(RECORD EXCERPTS)
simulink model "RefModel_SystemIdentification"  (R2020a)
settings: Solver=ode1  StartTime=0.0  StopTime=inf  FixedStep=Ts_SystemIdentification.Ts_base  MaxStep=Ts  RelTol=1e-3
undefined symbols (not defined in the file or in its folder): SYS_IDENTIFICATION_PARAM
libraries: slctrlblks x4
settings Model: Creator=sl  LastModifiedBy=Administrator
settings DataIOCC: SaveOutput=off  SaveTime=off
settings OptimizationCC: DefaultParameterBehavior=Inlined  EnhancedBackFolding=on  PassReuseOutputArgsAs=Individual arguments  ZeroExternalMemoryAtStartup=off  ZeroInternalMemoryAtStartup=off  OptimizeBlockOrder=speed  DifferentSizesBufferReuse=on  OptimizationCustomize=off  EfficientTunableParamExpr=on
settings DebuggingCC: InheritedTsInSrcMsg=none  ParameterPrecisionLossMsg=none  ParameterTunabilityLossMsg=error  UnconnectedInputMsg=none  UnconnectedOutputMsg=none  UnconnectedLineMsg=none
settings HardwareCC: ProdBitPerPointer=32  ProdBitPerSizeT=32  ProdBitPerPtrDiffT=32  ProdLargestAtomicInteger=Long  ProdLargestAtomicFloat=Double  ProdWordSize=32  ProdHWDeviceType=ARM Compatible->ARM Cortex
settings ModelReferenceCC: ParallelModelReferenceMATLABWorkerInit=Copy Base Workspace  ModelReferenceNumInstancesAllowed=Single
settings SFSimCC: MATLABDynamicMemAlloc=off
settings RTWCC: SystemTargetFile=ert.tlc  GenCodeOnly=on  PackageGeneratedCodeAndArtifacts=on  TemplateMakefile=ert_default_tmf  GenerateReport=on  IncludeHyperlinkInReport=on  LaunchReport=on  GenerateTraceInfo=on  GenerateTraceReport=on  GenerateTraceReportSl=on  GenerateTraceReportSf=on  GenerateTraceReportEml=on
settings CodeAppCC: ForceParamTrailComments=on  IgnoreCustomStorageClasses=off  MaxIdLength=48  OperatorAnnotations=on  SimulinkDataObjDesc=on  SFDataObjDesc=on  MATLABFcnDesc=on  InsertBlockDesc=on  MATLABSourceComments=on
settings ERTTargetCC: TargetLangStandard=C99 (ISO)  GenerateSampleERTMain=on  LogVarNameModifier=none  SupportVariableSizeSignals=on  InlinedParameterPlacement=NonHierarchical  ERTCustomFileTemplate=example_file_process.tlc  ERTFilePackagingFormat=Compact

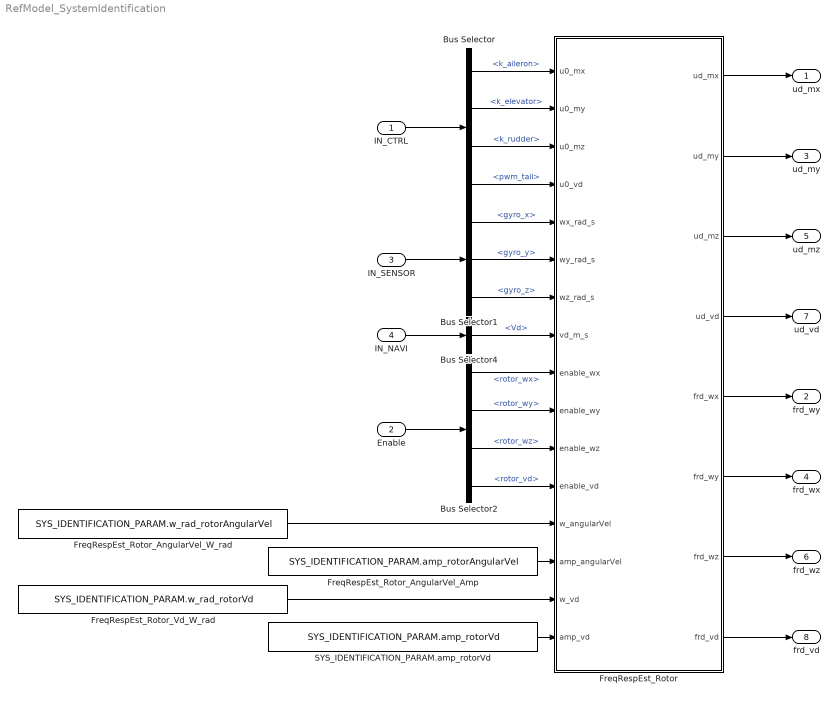
== system RefModel_SystemIdentification ==
  IN_CTRL : Inport  OutDataTypeStr=Bus: BUS_CTRL_Sevro_pwm  PortDimensions=1  BusOutputAsStruct=on
  Enable : Inport  Port=2  OutDataTypeStr=Bus: BUS_SYSIDENTICATION_Enable
  IN_SENSOR : Inport  Port=3  OutDataTypeStr=Bus: BUS_SENSOR  PortDimensions=1  BusOutputAsStruct=on
  IN_NAVI : Inport  Port=4  OutDataTypeStr=Bus: BUS_TO_CONTROL  PortDimensions=1  BusOutputAsStruct=on
  Bus Selector : BusSelector  OutputSignals=k_aileron,k_elevator,k_rudder,pwm_tail
  Bus Selector1 : BusSelector  OutputSignals=IMU1_Control.gyro_x,IMU1_Control.gyro_y,IMU1_Control.gyro_z
  Bus Selector2 : BusSelector  OutputSignals=rotor_wx,rotor_wy,rotor_wz,rotor_vd
  Bus Selector4 : BusSelector  OutputSignals=Vd
  FreqRespEst_Rotor : Subsystem
  FreqRespEst_Rotor_AngularVel_Amp : Constant  Value=SYS_IDENTIFICATION_PARAM.amp_rotorAngularVel
  FreqRespEst_Rotor_AngularVel_W_rad : Constant  Value=SYS_IDENTIFICATION_PARAM.w_rad_rotorAngularVel
  FreqRespEst_Rotor_Vd_W_rad : Constant  Value=SYS_IDENTIFICATION_PARAM.w_rad_rotorVd
  SYS_IDENTIFICATION_PARAM.amp_rotorVd : Constant  Value=SYS_IDENTIFICATION_PARAM.amp_rotorVd
  ud_mx : Outport
  frd_wy : Outport  Port=2
  ud_my : Outport  Port=3
  frd_wx : Outport  Port=4
  ud_mz : Outport  Port=5
  frd_wz : Outport  Port=6
  ud_vd : Outport  Port=7
  frd_vd : Outport  Port=8
  wires:
  Bus Selector2/1 -> FreqRespEst_Rotor/9(enable_wx)  "<rotor_wx>"
  Bus Selector1/2 -> FreqRespEst_Rotor/6(wy_rad_s)  "<gyro_y>"
  FreqRespEst_Rotor/8(frd_vd) -> frd_vd/1
  FreqRespEst_Rotor/4(ud_vd) -> ud_vd/1
  SYS_IDENTIFICATION_PARAM.amp_rotorVd/1 -> FreqRespEst_Rotor/16(amp_vd)
  FreqRespEst_Rotor_AngularVel_W_rad/1 -> FreqRespEst_Rotor/13(w_angularVel)
  FreqRespEst_Rotor_Vd_W_rad/1 -> FreqRespEst_Rotor/15(w_vd)
  FreqRespEst_Rotor/5(frd_wx) -> frd_wy/1
  FreqRespEst_Rotor/2(ud_my) -> ud_my/1
  Bus Selector/4 -> FreqRespEst_Rotor/4(u0_vd)  "<pwm_tail>"
  FreqRespEst_Rotor/3(ud_mz) -> ud_mz/1
  FreqRespEst_Rotor/7(frd_wz) -> frd_wz/1
  FreqRespEst_Rotor/1(ud_mx) -> ud_mx/1
  Bus Selector/3 -> FreqRespEst_Rotor/3(u0_mz)  "<k_rudder>"
  FreqRespEst_Rotor_AngularVel_Amp/1 -> FreqRespEst_Rotor/14(amp_angularVel)
  Bus Selector2/3 -> FreqRespEst_Rotor/11(enable_wz)  "<rotor_wz>"
  Bus Selector2/2 -> FreqRespEst_Rotor/10(enable_wy)  "<rotor_wy>"
  Bus Selector2/4 -> FreqRespEst_Rotor/12(enable_vd)  "<rotor_vd>"
  Bus Selector/2 -> FreqRespEst_Rotor/2(u0_my)  "<k_elevator>"
  Bus Selector1/1 -> FreqRespEst_Rotor/5(wx_rad_s)  "<gyro_x>"
  Bus Selector1/3 -> FreqRespEst_Rotor/7(wz_rad_s)  "<gyro_z>"
  Bus Selector/1 -> FreqRespEst_Rotor/1(u0_mx)  "<k_aileron>"
  FreqRespEst_Rotor/6(frd_wy) -> frd_wx/1
  IN_CTRL/1 -> Bus Selector/1
  IN_SENSOR/1 -> Bus Selector1/1
  IN_NAVI/1 -> Bus Selector4/1
  Bus Selector4/1 -> FreqRespEst_Rotor/8(vd_m_s)  "<Vd>"
  Enable/1 -> Bus Selector2/1

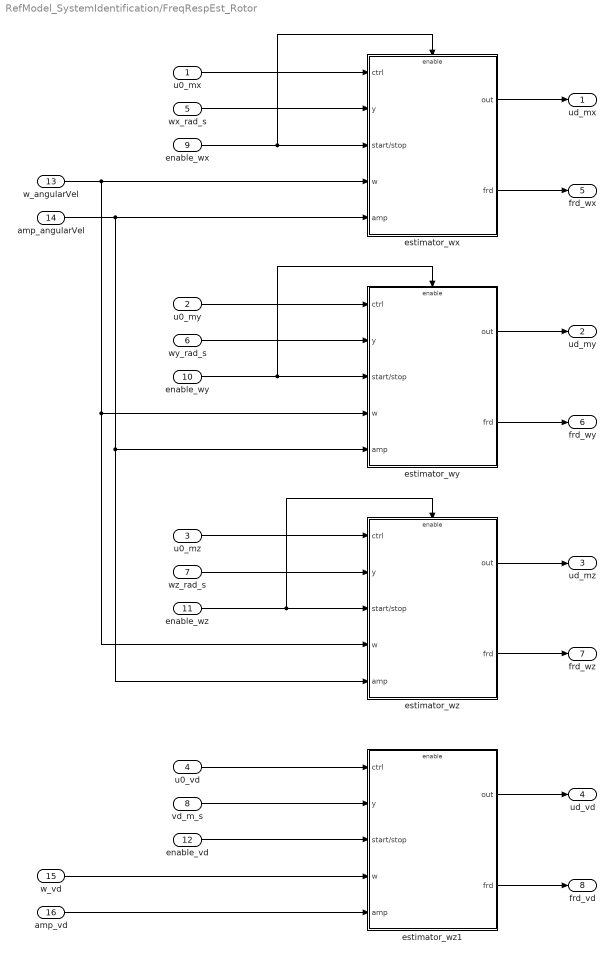
== system RefModel_SystemIdentification/FreqRespEst_Rotor ==
  u0_mx : Inport
  u0_my : Inport  Port=2
  u0_mz : Inport  Port=3
  u0_vd : Inport  Port=4
  wx_rad_s : Inport  Port=5
  wy_rad_s : Inport  Port=6
  wz_rad_s : Inport  Port=7
  vd_m_s : Inport  Port=8
  enable_wx : Inport  Port=9
  enable_wy : Inport  Port=10
  enable_wz : Inport  Port=11
  enable_vd : Inport  Port=12
  w_angularVel : Inport  Port=13
  amp_angularVel : Inport  Port=14
  w_vd : Inport  Port=15
  amp_vd : Inport  Port=16
  estimator_wx : Subsystem
  estimator_wy : Subsystem
  estimator_wz : Subsystem
  estimator_wz1 : Subsystem
  ud_mx : Outport
  ud_my : Outport  Port=2
  ud_mz : Outport  Port=3
  ud_vd : Outport  Port=4
  frd_wx : Outport  Port=5
  frd_wy : Outport  Port=6
  frd_wz : Outport  Port=7
  frd_vd : Outport  Port=8
  wires:
  wz_rad_s/1 -> estimator_wz/2(y)
  estimator_wz/1(out) -> ud_mz/1
  wy_rad_s/1 -> estimator_wy/2(y)
  enable_wz/1 -> estimator_wz/Enable, estimator_wz/3(start/stop)
  estimator_wz/2(frd) -> frd_wz/1
  w_angularVel/1 -> estimator_wx/4(w), estimator_wz/4(w), estimator_wy/4(w)
  vd_m_s/1 -> estimator_wz1/2(y)
  u0_mz/1 -> estimator_wz/1(ctrl)
  estimator_wz1/2(frd) -> frd_vd/1
  amp_vd/1 -> estimator_wz1/5(amp)
  u0_vd/1 -> estimator_wz1/1(ctrl)
  estimator_wz1/1(out) -> ud_vd/1
  estimator_wy/1(out) -> ud_my/1
  enable_vd/1 -> estimator_wz1/3(start/stop)
  enable_wy/1 -> estimator_wy/3(start/stop), estimator_wy/Enable
  estimator_wy/2(frd) -> frd_wy/1
  amp_angularVel/1 -> estimator_wx/5(amp), estimator_wz/5(amp), estimator_wy/5(amp)
  u0_my/1 -> estimator_wy/1(ctrl)
  w_vd/1 -> estimator_wz1/4(w)
  u0_mx/1 -> estimator_wx/1(ctrl)
  wx_rad_s/1 -> estimator_wx/2(y)
  enable_wx/1 -> estimator_wx/Enable, estimator_wx/3(start/stop)
  estimator_wx/1(out) -> ud_mx/1
  estimator_wx/2(frd) -> frd_wx/1

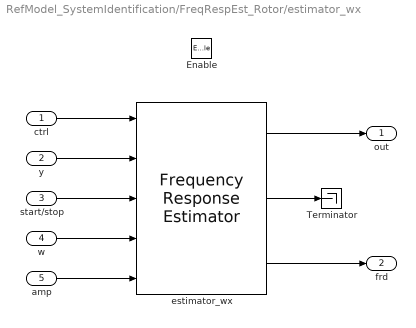
== system RefModel_SystemIdentification/FreqRespEst_Rotor/estimator_wx ==
  ctrl : Inport
  y : Inport  Port=2
  start/stop : Inport  Port=3
  w : Inport  Port=4
  amp : Inport  Port=5
  Enable : EnablePort
  Terminator : Terminator
  estimator_wx : slctrlblks/Frequency Response Estimator  DiscreteTs=Ts_SystemIdentification.Ts_base  OutputMode=control action + perturbation  BlockDataType=double  SineSource=External ports  Frequencies=[0.05 0.1 0.5 1 2 3 4 6 8 10 20 30 40]  FreqUnits=rad/s  Amplitudes=0.05  NumOfFreq=13  ExperimentMode=Sinestream  NumOfSetPeriod=SYS_IDENTIFICATION_PARAM.nSettlingPeriod  NumOfEstPeriod=SYS_IDENTIFICATION_PARAM.nEstimationPeriod  NumOfSlowestPeriod=3  EstimationMode=Online  UseBodePlot=on  BaselinePlant=[]  PlotRefreshFactor=99  BodePlotChoice=VariantBode  ExperimentChoice=VariantSS  OutputChoice=VariantCandD
      settings: SourceProductBaseCode=SD
  out : Outport
  frd : Outport  Port=2
  wires:
  y/1 -> estimator_wx/2
  estimator_wx/2 -> Terminator/1
  estimator_wx/3 -> frd/1
  ctrl/1 -> estimator_wx/1
  amp/1 -> estimator_wx/5
  w/1 -> estimator_wx/4
  estimator_wx/1 -> out/1
  start/stop/1 -> estimator_wx/3

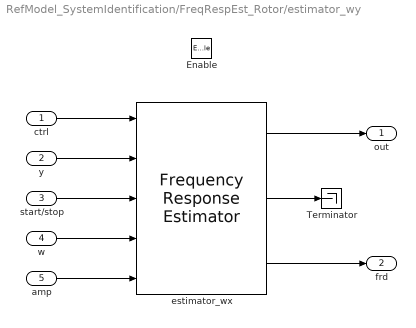
== system RefModel_SystemIdentification/FreqRespEst_Rotor/estimator_wy ==
  ctrl : Inport
  y : Inport  Port=2
  start/stop : Inport  Port=3
  w : Inport  Port=4
  amp : Inport  Port=5
  Enable : EnablePort
  Terminator : Terminator
  estimator_wx : slctrlblks/Frequency Response Estimator  DiscreteTs=Ts_SystemIdentification.Ts_base  OutputMode=control action + perturbation  BlockDataType=double  SineSource=External ports  Frequencies=[0.05 0.1 0.5 1 2 3 4 6 8 10 20 30 40]  FreqUnits=rad/s  Amplitudes=0.05  NumOfFreq=13  ExperimentMode=Sinestream  NumOfSetPeriod=SYS_IDENTIFICATION_PARAM.nSettlingPeriod  NumOfEstPeriod=SYS_IDENTIFICATION_PARAM.nEstimationPeriod  NumOfSlowestPeriod=3  EstimationMode=Online  UseBodePlot=on  BaselinePlant=[]  PlotRefreshFactor=99  BodePlotChoice=VariantBode  ExperimentChoice=VariantSS  OutputChoice=VariantCandD
      settings: SourceProductBaseCode=SD
  out : Outport
  frd : Outport  Port=2
  wires:
  start/stop/1 -> estimator_wx/3
  estimator_wx/1 -> out/1
  w/1 -> estimator_wx/4
  amp/1 -> estimator_wx/5
  ctrl/1 -> estimator_wx/1
  estimator_wx/3 -> frd/1
  estimator_wx/2 -> Terminator/1
  y/1 -> estimator_wx/2

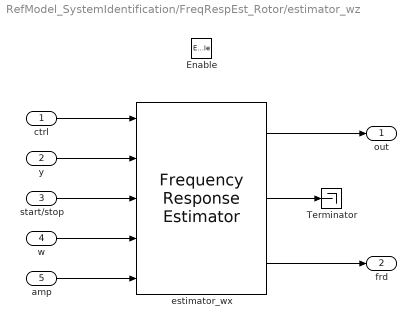
== system RefModel_SystemIdentification/FreqRespEst_Rotor/estimator_wz ==
  ctrl : Inport
  y : Inport  Port=2
  start/stop : Inport  Port=3
  w : Inport  Port=4
  amp : Inport  Port=5
  Enable : EnablePort
  Terminator : Terminator
  estimator_wx : slctrlblks/Frequency Response Estimator  DiscreteTs=Ts_SystemIdentification.Ts_base  OutputMode=control action + perturbation  BlockDataType=double  SineSource=External ports  Frequencies=[0.05 0.1 0.5 1 2 3 4 6 8 10 20 30 40]  FreqUnits=rad/s  Amplitudes=0.05  NumOfFreq=13  ExperimentMode=Sinestream  NumOfSetPeriod=SYS_IDENTIFICATION_PARAM.nSettlingPeriod  NumOfEstPeriod=SYS_IDENTIFICATION_PARAM.nEstimationPeriod  NumOfSlowestPeriod=3  EstimationMode=Online  UseBodePlot=on  BaselinePlant=[]  PlotRefreshFactor=99  BodePlotChoice=VariantBode  ExperimentChoice=VariantSS  OutputChoice=VariantCandD
      settings: SourceProductBaseCode=SD
  out : Outport
  frd : Outport  Port=2
  wires:
  y/1 -> estimator_wx/2
  estimator_wx/2 -> Terminator/1
  estimator_wx/3 -> frd/1
  ctrl/1 -> estimator_wx/1
  amp/1 -> estimator_wx/5
  w/1 -> estimator_wx/4
  estimator_wx/1 -> out/1
  start/stop/1 -> estimator_wx/3

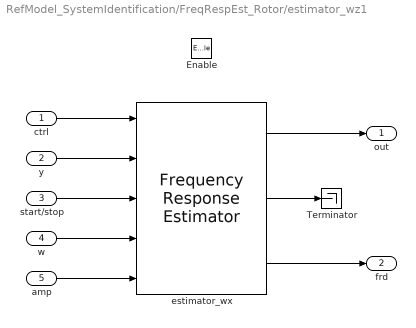
== system RefModel_SystemIdentification/FreqRespEst_Rotor/estimator_wz1 ==
  ctrl : Inport
  y : Inport  Port=2
  start/stop : Inport  Port=3
  w : Inport  Port=4
  amp : Inport  Port=5
  Enable : EnablePort
  Terminator : Terminator
  estimator_wx : slctrlblks/Frequency Response Estimator  DiscreteTs=Ts_SystemIdentification.Ts_base  OutputMode=control action + perturbation  BlockDataType=double  SineSource=External ports  Frequencies=[0.05 0.1 0.5 1 2 3 4 6 8 10 20 30 40]  FreqUnits=rad/s  Amplitudes=0.05  NumOfFreq=13  ExperimentMode=Sinestream  NumOfSetPeriod=SYS_IDENTIFICATION_PARAM.nSettlingPeriod  NumOfEstPeriod=SYS_IDENTIFICATION_PARAM.nEstimationPeriod  NumOfSlowestPeriod=3  EstimationMode=Online  UseBodePlot=on  BaselinePlant=[]  PlotRefreshFactor=99  BodePlotChoice=VariantBode  ExperimentChoice=VariantSS  OutputChoice=VariantCandD
      settings: SourceProductBaseCode=SD
  out : Outport
  frd : Outport  Port=2
  wires:
  start/stop/1 -> estimator_wx/3
  estimator_wx/1 -> out/1
  w/1 -> estimator_wx/4
  amp/1 -> estimator_wx/5
  ctrl/1 -> estimator_wx/1
  estimator_wx/3 -> frd/1
  estimator_wx/2 -> Terminator/1
  y/1 -> estimator_wx/2
(End RECORD EXCERPTS)
Reproduce each line of the material containing the word "Value".

  FreqRespEst_Rotor_AngularVel_Amp : Constant  Value=SYS_IDENTIFICATION_PARAM.amp_rotorAngularVel
  FreqRespEst_Rotor_AngularVel_W_rad : Constant  Value=SYS_IDENTIFICATION_PARAM.w_rad_rotorAngularVel
  FreqRespEst_Rotor_Vd_W_rad : Constant  Value=SYS_IDENTIFICATION_PARAM.w_rad_rotorVd
  SYS_IDENTIFICATION_PARAM.amp_rotorVd : Constant  Value=SYS_IDENTIFICATION_PARAM.amp_rotorVd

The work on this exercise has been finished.